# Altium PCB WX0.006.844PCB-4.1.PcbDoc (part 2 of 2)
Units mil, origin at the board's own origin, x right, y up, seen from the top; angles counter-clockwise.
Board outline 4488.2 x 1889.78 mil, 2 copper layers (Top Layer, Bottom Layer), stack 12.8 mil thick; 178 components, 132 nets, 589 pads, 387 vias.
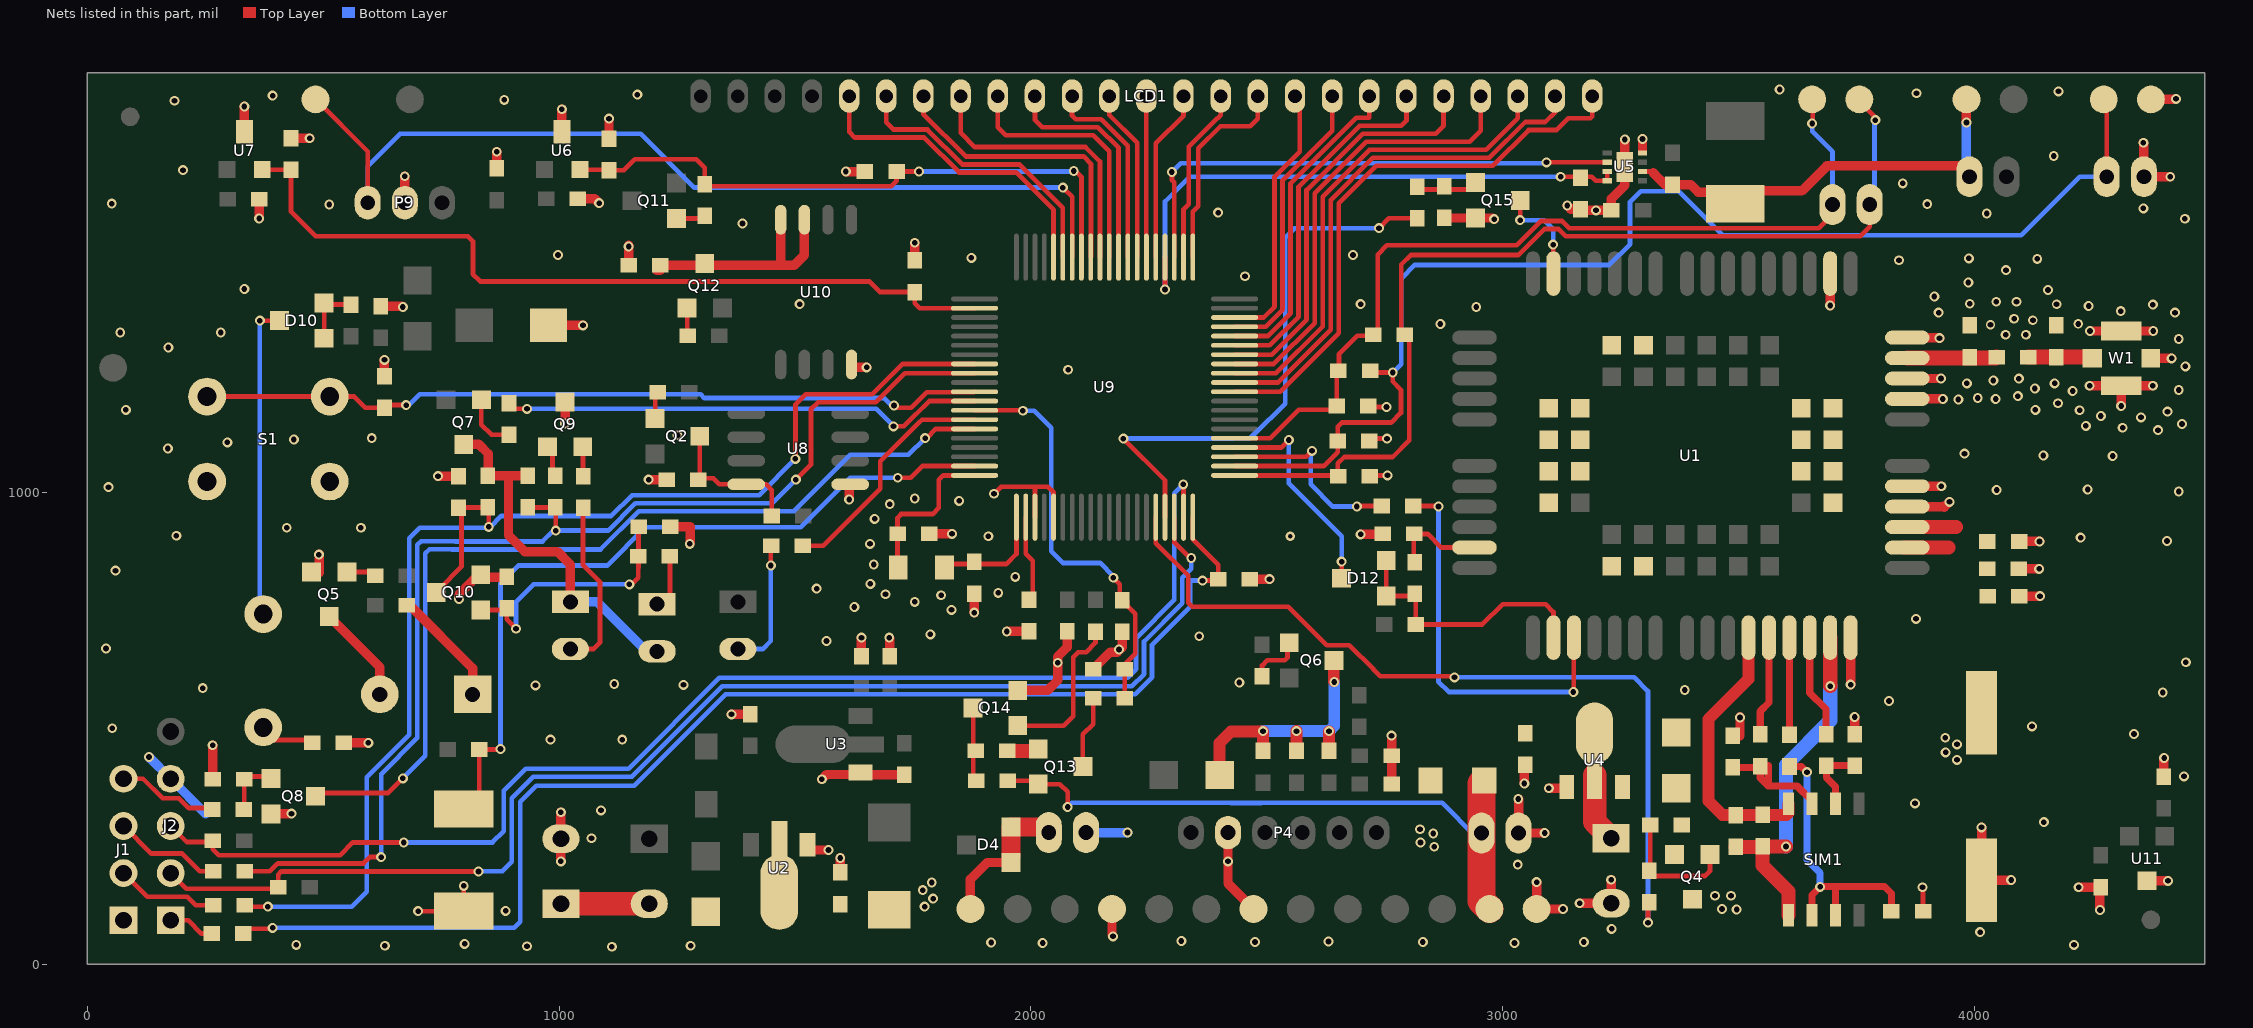
[diagram p2: the nets of this part, all layers, seen from the top]

## Via types
v1: diameter 21, hole 12, Top Layer to Bottom Layer, tented both sides, 380 vias
v2: diameter 20, hole 12, Top Layer to Bottom Layer, tented both sides, 6 vias
v3: diameter 19.68, hole 9.84, Top Layer to Bottom Layer, tented both sides, 1 vias

## Nets (pads, with @x,y where several pads share a name; then routed paths per layer and width w, separated by ;. In a path a pad name is that pad's centre, name@x,y a point inside that pad or via, vN(x,y) a via of type N, cw(c..) or ccw(c..) an arc to the next point about the centre after c; other vN are vias at no path point) (continued)
GND: C1.1 C2.1 C3.2 C4.2 C5.2 C7.2 C8.2 C10.2 C13.2 C14.2 C16.2 C17.2 C18.2 C19.2 C20.2 C21.2 C22.1 C23.1 C25.2 C26.2 C27.2 C28.2 C29.2 C30.2 C31.2 C32.2 C33.1 C34.2 C35.2 C36.2 C38.2 C39.1 C41.1 C42.2 C43.2 C44.2 C45.2 C46.2 C47.2 C48.2 C49.2 C50.2 C51.1 C53.2 C56.2 C57.2 FB2.1 J1.1 J2.4 P1.1 P2.1 P4.5 P7.2 P9.2 Q5.2 Q8.2 Q9.3 Q10.2 Q14.2 Q15.2 R38.1 R41.1 R56.2 R58.2 S1.2 S2.2 TP5.1 TP6.1 TP12.1 TP17.1 TVS2.1 U1.2 U1.43 U1.47 U1.48 U1.51 U1.52 U1.54 U1.59 U1.60 U1.61 U1.62 U1.63 U1.64 U1.65 U1.66 U1.71 U1.72 U1.73 U1.74 U1.81 U1.82 U1.83 U1.92 U1.93 U1.94 U2.1 U3.1 U4.1 U5.4 U5.9 U6.3 U7.3 U8.1 U9.63 U9.65 U10.4 U11.3 W1.2 | length 5898.8
  Top Layer w10: v1(701.54,112.46) S2.2@798,112.46 v1(798,166) ; v1(1922,997) 1937,1012 2008.77,1012 ; U9.63@2008.77,947.42 2008.77,1012 ; U9.65@2048.14,947.42 2048.14,999.86 2036,1012 2008.77,1012 ; C33.1@2715.49,1181 v1(2754,1181) ; C46.2@2717.51,1036 v1(2756,1036) ; C35.2@2717.51,1114 v1(2755,1114) ; v1(3890,163) 3891.02,161.98 C21.2@3891.02,112
  Top Layer w20: R38.1@266,398 v1(266,464) ; U7.3@333,1764 v1(333,1818) ; v1(364.51,1580.51) C28.2@364.51,1621 ; Q8.2@388.76,326.6 Q8.2@389.76,326.6 ; Q8.2@389.76,318.6 v1@426.6,318.6 ; C29.2@432,1750.51 v1(471.49,1750.51) ; Q5.2@491.6,829.24 v1@491.6,869.4 ; FB2.1@542,469 v1(596,469) ; C8.2@622,1394.51 667.49,1394.51 v1(669,1393) ; C31.2@630,1246.51 v1(630,1281) ; P9.2@673.26,1614 v1@673.26,1669.74 ; v1(743.49,1034.51) C26.2@787,1034.51 ; v1(788,774) 788,784 824,820 R41.1@892,820 ; C45.2@868,1686.51 v1(868,1722) ; TVS2.1@969.74,1343 TVS2.1@977.74,1343 ; TVS2.1@977.74,1354 v1(1051,1354) ; v1(1004,218) C44.2@1004,265.9 v1(1004,322) ; U6.3@1006,1764 v1(1006,1812) ; v1(1013,1146) Q9.3@1013,1191.24 ; C27.2@1039.51,1622 1076,1622 v1(1085,1613) ; C30.2@1106,1749.51 v1(1106,1792) ; C36.2@1147.49,1481 v1@1147.49,1523.51 ; v1(1190,1027) C34.2@1228.49,1027 ; C32.2@1235.51,927 1278,927 1278,892 v1(1277,891) ; v1(1365.49,529.51) C3.2@1405,529.51 ; U2.1@1527,242 v1(1571,242) ; v1(1557,392) 1567,402 1635,402 U3.1@1639,406 ; C7.2@1596,194.51 v1@1596,226 ; v1(1608,1680) C50.2@1648.49,1680 ; v1(1615,985) 1615,1015 U8.1@1617,1017 ; U10.4@1620,1271 1626,1265 v1(1652,1265) ; U3.1@1635.51,401.49 C10.2@1732,401.49 ; C4.2@1641,652.51 v1(1641,692) ; C5.2@1701,652.51 v1@1701,691 ; C56.2@1754,1491.51 v1(1754,1529) ; C41.1@1784.49,912 v1(1833,912) ; v1(1880,745) C42.2@1880,779.49 ; v1@1950.49,705.49 C38.2@1996,705.49 ; Q14.2@1972.24,580.4 2035.4,580.4 2057,602 v1(2057,639) 2057,652 2077,672 C39.1@2077,705.51 ; R56.2@2132,625 2168,661 2183,661 2194,672 C51.1@2194,704.51 ; v1@2172,61 TP6.1@2172,117 ; P4.5@2417.89,279 2417.89,171.11 TP17.1@2472,117 ; C43.2@2464.51,816 v1(2506,816) ; v1(2699,911) C57.2@2735.49,911 ; C25.2@2764.51,382 C53.2@2764.51,442 v1(2764.51,484.49) ; R58.2@2876.4,1581.6 Q15.2@2942.76,1581.6 2979.4,1581.6 v1(2982,1579) ; v1@3033.74,349.26 P1.1@3033.74,278 v1(3089,278) ; v1(3046,383) 3046,420.49 C47.2@3048,422.49 ; v1(3072,174) TP5.1@3072,117 v1(3128,117) ; v1(3098,373) 3133.38,373 U4.1@3135.94,375.57 ; v1(3137,1608) 3144.65,1600.35 C22.1@3165,1600.35 ; v1(3163.1,129.1) C13.2@3230,129.1 v1(3230,179) ; C22.1@3167.51,1597.84 v1(3198,1597.84) C23.1@3230.51,1597.84 3230.51,1622.35 3259,1650.84 U5.9@3259,1689.84 v1(3259,1747.84) ; 3296.41,1726.37 v1@3296.41,1749.84 ; C19.2@3503,484.25 v1@3503,525 ; v1(3694,1396) 3694.28,1396.28 U1.2@3694.28,1463.83 U1.2@3694.28,1498.72 ; v1(3737.58,592.42) U1.43@3737.58,661.17 ; C20.2@3746,487.51 v1@3746,523 ; U1.47@3857.66,969.73 3934.73,969.73 3935.73,968.73 v1(3947,980) ; U1.48@3857.66,1013.04 v1(3929.96,1013.04) ; U1.51@3857.66,1198.08 v1(3933.08,1198.08) ; U1.52@3857.66,1241.39 v1(3929,1241.39) ; U1.54@3857.66,1328 3925,1328 v1(3926,1327) ; v1(4015,290) C14.2@4015,178.31 v1(4077.69,178.31) ; C17.2@4094.01,838 v1(4137,838) ; C18.2@4094.51,896 v1(4138,896) ; C16.2@4095.01,780 v1(4139,780) ; v1(4220.76,163) 4267.51,163 C49.2@4268,163.49 ; v1@4244.07,1225.93 W1.2@4311.02,1225.93 ; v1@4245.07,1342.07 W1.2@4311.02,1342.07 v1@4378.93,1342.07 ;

----------

_AIM OF THE EXERCISE:_ Within the material above, only the stretch from the line holding "Board outline 4488.2" through the line holding "v3: diameter 19.68, hole" is to be restated exactly. Pictures are dropped.

_TASK ANSWER:_
Board outline 4488.2 x 1889.78 mil, 2 copper layers (Top Layer, Bottom Layer), stack 12.8 mil thick; 178 components, 132 nets, 589 pads, 387 vias.
[diagram p2: the nets of this part, all layers, seen from the top]

## Via types
v1: diameter 21, hole 12, Top Layer to Bottom Layer, tented both sides, 380 vias
v2: diameter 20, hole 12, Top Layer to Bottom Layer, tented both sides, 6 vias
v3: diameter 19.68, hole 9.84, Top Layer to Bottom Layer, tented both sides, 1 vias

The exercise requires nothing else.